PROVIDED RECORDS START
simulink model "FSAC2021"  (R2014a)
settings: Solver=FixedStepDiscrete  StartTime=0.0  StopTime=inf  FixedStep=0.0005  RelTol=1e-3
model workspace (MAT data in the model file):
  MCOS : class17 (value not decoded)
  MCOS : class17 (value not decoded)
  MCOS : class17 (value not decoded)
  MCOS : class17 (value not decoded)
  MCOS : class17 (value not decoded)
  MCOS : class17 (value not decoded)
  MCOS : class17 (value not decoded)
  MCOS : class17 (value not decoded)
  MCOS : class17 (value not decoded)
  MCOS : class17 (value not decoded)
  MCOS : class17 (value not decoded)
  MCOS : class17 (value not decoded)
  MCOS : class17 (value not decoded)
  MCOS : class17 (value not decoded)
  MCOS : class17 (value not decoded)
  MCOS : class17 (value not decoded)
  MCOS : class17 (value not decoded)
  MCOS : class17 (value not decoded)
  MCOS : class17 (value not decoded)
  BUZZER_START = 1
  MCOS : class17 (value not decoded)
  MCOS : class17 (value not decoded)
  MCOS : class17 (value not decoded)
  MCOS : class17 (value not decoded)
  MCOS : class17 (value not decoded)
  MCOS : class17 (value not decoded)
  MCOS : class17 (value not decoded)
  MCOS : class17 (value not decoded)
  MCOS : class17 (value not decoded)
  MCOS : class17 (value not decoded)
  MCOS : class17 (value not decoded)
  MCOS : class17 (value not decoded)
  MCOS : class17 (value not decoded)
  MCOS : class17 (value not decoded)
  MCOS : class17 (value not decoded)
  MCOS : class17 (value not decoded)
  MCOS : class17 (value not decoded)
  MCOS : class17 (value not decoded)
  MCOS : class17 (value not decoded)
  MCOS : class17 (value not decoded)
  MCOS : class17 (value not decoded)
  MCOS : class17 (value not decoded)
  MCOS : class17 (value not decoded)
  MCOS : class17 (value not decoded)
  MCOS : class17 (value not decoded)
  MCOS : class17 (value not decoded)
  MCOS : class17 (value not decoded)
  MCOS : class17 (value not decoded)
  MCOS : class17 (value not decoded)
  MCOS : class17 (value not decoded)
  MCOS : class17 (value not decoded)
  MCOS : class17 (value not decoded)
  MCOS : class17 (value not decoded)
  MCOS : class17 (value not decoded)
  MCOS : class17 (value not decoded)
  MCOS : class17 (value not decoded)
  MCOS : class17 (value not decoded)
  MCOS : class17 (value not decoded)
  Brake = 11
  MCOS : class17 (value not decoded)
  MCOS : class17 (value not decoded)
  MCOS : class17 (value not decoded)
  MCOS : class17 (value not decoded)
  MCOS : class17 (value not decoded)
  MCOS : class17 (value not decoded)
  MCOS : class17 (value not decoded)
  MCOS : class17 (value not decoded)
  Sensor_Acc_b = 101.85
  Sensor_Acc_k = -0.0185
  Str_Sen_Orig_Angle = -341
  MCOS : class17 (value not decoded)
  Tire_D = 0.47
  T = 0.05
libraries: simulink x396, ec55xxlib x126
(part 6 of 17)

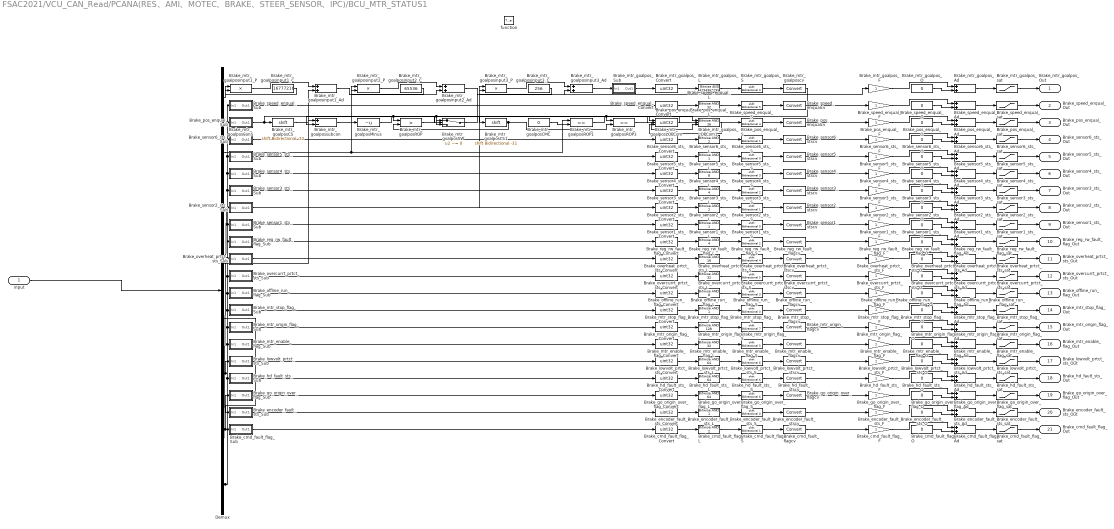
== system FSAC2021/VCU_CAN_Read/PCANA(RES、AMI、MOTEC、BRAKE、STEER_SENSOR、IPC)/BCU_MTR_STATUS1 ==
  input : Inport
  function : TriggerPort  TriggerType=function-call
  Brake_cmd_fault_flag_Ad : Sum
  Brake_cmd_fault_flag_Convert : DataTypeConversion  OutDataTypeStr=uint32
  Brake_cmd_fault_flag_F : Gain
  Brake_cmd_fault_flag_L : simulink/Logic and Bit Operations/Bitwise Operator  logicop=AND  UseBitMask=on  BitMask=2  BitMaskRealWorld=Stored Integer
  Brake_cmd_fault_flag_O : Constant  Value=0  OutDataTypeStr=single
  Brake_cmd_fault_flag_S : ArithShift  BitShiftNumber=1
  Brake_cmd_fault_flag_Sub : Subsystem
  Brake_cmd_fault_flag_sat : Saturate  UpperLimit=1  LowerLimit=0
  Brake_cmd_fault_flagcv : DataTypeConversion
  Brake_encoder_fault_sts_Ad : Sum
  Brake_encoder_fault_sts_Convert : DataTypeConversion  OutDataTypeStr=uint32
  Brake_encoder_fault_sts_F : Gain
  Brake_encoder_fault_sts_L : simulink/Logic and Bit Operations/Bitwise Operator  logicop=AND  UseBitMask=on  BitMask=1  BitMaskRealWorld=Stored Integer
  Brake_encoder_fault_sts_O : Constant  Value=0  OutDataTypeStr=single
  Brake_encoder_fault_sts_S : ArithShift
  Brake_encoder_fault_sts_Sub : Subsystem
  Brake_encoder_fault_sts_sat : Saturate  UpperLimit=1  LowerLimit=0
  Brake_encoder_fault_stscv : DataTypeConversion
  Brake_go_origin_over_flag_Ad : Sum
  Brake_go_origin_over_flag_Convert : DataTypeConversion  OutDataTypeStr=uint32
  Brake_go_origin_over_flag_F : Gain
  Brake_go_origin_over_flag_L : simulink/Logic and Bit Operations/Bitwise Operator  logicop=AND  UseBitMask=on  BitMask=64  BitMaskRealWorld=Stored Integer
  Brake_go_origin_over_flag_O : Constant  Value=0  OutDataTypeStr=single
  Brake_go_origin_over_flag_S : ArithShift  BitShiftNumber=6
  Brake_go_origin_over_flag_Sub : Subsystem
  Brake_go_origin_over_flag_sat : Saturate  UpperLimit=1  LowerLimit=0
  Brake_go_origin_over_flagcv : DataTypeConversion
  Brake_hd_fault_sts_Ad : Sum
  Brake_hd_fault_sts_Convert : DataTypeConversion  OutDataTypeStr=uint32
  Brake_hd_fault_sts_F : Gain
  Brake_hd_fault_sts_L : simulink/Logic and Bit Operations/Bitwise Operator  logicop=AND  UseBitMask=on  BitMask=64  BitMaskRealWorld=Stored Integer
  Brake_hd_fault_sts_O : Constant  Value=0  OutDataTypeStr=single
  Brake_hd_fault_sts_S : ArithShift  BitShiftNumber=6
  Brake_hd_fault_sts_Sub : Subsystem
  Brake_hd_fault_sts_sat : Saturate  UpperLimit=1  LowerLimit=0
  Brake_hd_fault_stscv : DataTypeConversion
  Brake_lowvolt_prtct_sts_Ad : Sum
  Brake_lowvolt_prtct_sts_Convert : DataTypeConversion  OutDataTypeStr=uint32
  Brake_lowvolt_prtct_sts_F : Gain
  Brake_lowvolt_prtct_sts_L : simulink/Logic and Bit Operations/Bitwise Operator  logicop=AND  UseBitMask=on  BitMask=64  BitMaskRealWorld=Stored Integer
  Brake_lowvolt_prtct_sts_O : Constant  Value=0  OutDataTypeStr=single
  Brake_lowvolt_prtct_sts_S : ArithShift  BitShiftNumber=6
  Brake_lowvolt_prtct_sts_Sub : Subsystem
  Brake_lowvolt_prtct_sts_sat : Saturate  UpperLimit=1  LowerLimit=0
  Brake_lowvolt_prtct_stscv : DataTypeConversion
  Brake_mtr_enable_flag_Ad : Sum
  Brake_mtr_enable_flag_Convert : DataTypeConversion  OutDataTypeStr=uint32
  Brake_mtr_enable_flag_F : Gain
  Brake_mtr_enable_flag_L : simulink/Logic and Bit Operations/Bitwise Operator  logicop=AND  UseBitMask=on  BitMask=32  BitMaskRealWorld=Stored Integer
  Brake_mtr_enable_flag_O : Constant  Value=0  OutDataTypeStr=single
  Brake_mtr_enable_flag_S : ArithShift  BitShiftNumber=5
  Brake_mtr_enable_flag_Sub : Subsystem
  Brake_mtr_enable_flag_sat : Saturate  UpperLimit=1  LowerLimit=0
  Brake_mtr_enable_flagcv : DataTypeConversion
  Brake_mtr_goalposCMC : Constant  Value=0
  Brake_mtr_goalposCS : ArithShift  BitShiftNumber=-32
  Brake_mtr_goalposCS1 : ArithShift  BitShiftNumber=-31
  Brake_mtr_goalposConS : Constant  OutDataTypeStr=single
  Brake_mtr_goalposLOPCom : Logic  Operator=OR  AllPortsSameDT=off  OutDataTypeStr=boolean
  Brake_mtr_goalposMinus : UnaryMinus
  Brake_mtr_goalposROP : RelationalOperator  Operator=>  OutDataTypeStr=boolean
  Brake_mtr_goalposROP1 : RelationalOperator  Operator===  OutDataTypeStr=boolean
  Brake_mtr_goalposROP3 : RelationalOperator  Operator===  OutDataTypeStr=boolean
  Brake_mtr_goalposSW : Switch  Criteria=u2 ~= 0
  Brake_mtr_goalpos_Ad : Sum
  Brake_mtr_goalpos_Convert : DataTypeConversion  OutDataTypeStr=uint32
  Brake_mtr_goalpos_F : Gain
  Brake_mtr_goalpos_L : simulink/Logic and Bit Operations/Bitwise Operator  logicop=AND  UseBitMask=on  BitMask=4294967295  BitMaskRealWorld=Stored Integer
  Brake_mtr_goalpos_LOPCom1 : Logic  AllPortsSameDT=off  OutDataTypeStr=boolean
  Brake_mtr_goalpos_O : Constant  Value=0  OutDataTypeStr=single
  Brake_mtr_goalpos_S : ArithShift
  Brake_mtr_goalpos_Sub : Subsystem
  Brake_mtr_goalpos_sat : Saturate  UpperLimit=2147483647  LowerLimit=-2147483648
  Brake_mtr_goalposcv : DataTypeConversion
  Brake_mtr_goalposinput1_Ad : Sum
  Brake_mtr_goalposinput1_C : Constant  Value=16777216
  Brake_mtr_goalposinput1_P : Product
  Brake_mtr_goalposinput2_Ad : Sum
  Brake_mtr_goalposinput2_C : Constant  Value=65536
  Brake_mtr_goalposinput2_P : Product
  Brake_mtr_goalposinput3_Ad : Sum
PROVIDED RECORDS END
* DIRECTIONS:
Reproduce only the lines above, starting at the line with "Brake_encoder_fault_stscv : DataTypeConversion" and ending at the line with "Brake_mtr_enable_flag_L : simulink/Logic", exactly as written.

* SOLUTION FOR THIS TASK:
  Brake_encoder_fault_stscv : DataTypeConversion
  Brake_go_origin_over_flag_Ad : Sum
  Brake_go_origin_over_flag_Convert : DataTypeConversion  OutDataTypeStr=uint32
  Brake_go_origin_over_flag_F : Gain
  Brake_go_origin_over_flag_L : simulink/Logic and Bit Operations/Bitwise Operator  logicop=AND  UseBitMask=on  BitMask=64  BitMaskRealWorld=Stored Integer
  Brake_go_origin_over_flag_O : Constant  Value=0  OutDataTypeStr=single
  Brake_go_origin_over_flag_S : ArithShift  BitShiftNumber=6
  Brake_go_origin_over_flag_Sub : Subsystem
  Brake_go_origin_over_flag_sat : Saturate  UpperLimit=1  LowerLimit=0
  Brake_go_origin_over_flagcv : DataTypeConversion
  Brake_hd_fault_sts_Ad : Sum
  Brake_hd_fault_sts_Convert : DataTypeConversion  OutDataTypeStr=uint32
  Brake_hd_fault_sts_F : Gain
  Brake_hd_fault_sts_L : simulink/Logic and Bit Operations/Bitwise Operator  logicop=AND  UseBitMask=on  BitMask=64  BitMaskRealWorld=Stored Integer
  Brake_hd_fault_sts_O : Constant  Value=0  OutDataTypeStr=single
  Brake_hd_fault_sts_S : ArithShift  BitShiftNumber=6
  Brake_hd_fault_sts_Sub : Subsystem
  Brake_hd_fault_sts_sat : Saturate  UpperLimit=1  LowerLimit=0
  Brake_hd_fault_stscv : DataTypeConversion
  Brake_lowvolt_prtct_sts_Ad : Sum
  Brake_lowvolt_prtct_sts_Convert : DataTypeConversion  OutDataTypeStr=uint32
  Brake_lowvolt_prtct_sts_F : Gain
  Brake_lowvolt_prtct_sts_L : simulink/Logic and Bit Operations/Bitwise Operator  logicop=AND  UseBitMask=on  BitMask=64  BitMaskRealWorld=Stored Integer
  Brake_lowvolt_prtct_sts_O : Constant  Value=0  OutDataTypeStr=single
  Brake_lowvolt_prtct_sts_S : ArithShift  BitShiftNumber=6
  Brake_lowvolt_prtct_sts_Sub : Subsystem
  Brake_lowvolt_prtct_sts_sat : Saturate  UpperLimit=1  LowerLimit=0
  Brake_lowvolt_prtct_stscv : DataTypeConversion
  Brake_mtr_enable_flag_Ad : Sum
  Brake_mtr_enable_flag_Convert : DataTypeConversion  OutDataTypeStr=uint32
  Brake_mtr_enable_flag_F : Gain
  Brake_mtr_enable_flag_L : simulink/Logic and Bit Operations/Bitwise Operator  logicop=AND  UseBitMask=on  BitMask=32  BitMaskRealWorld=Stored Integer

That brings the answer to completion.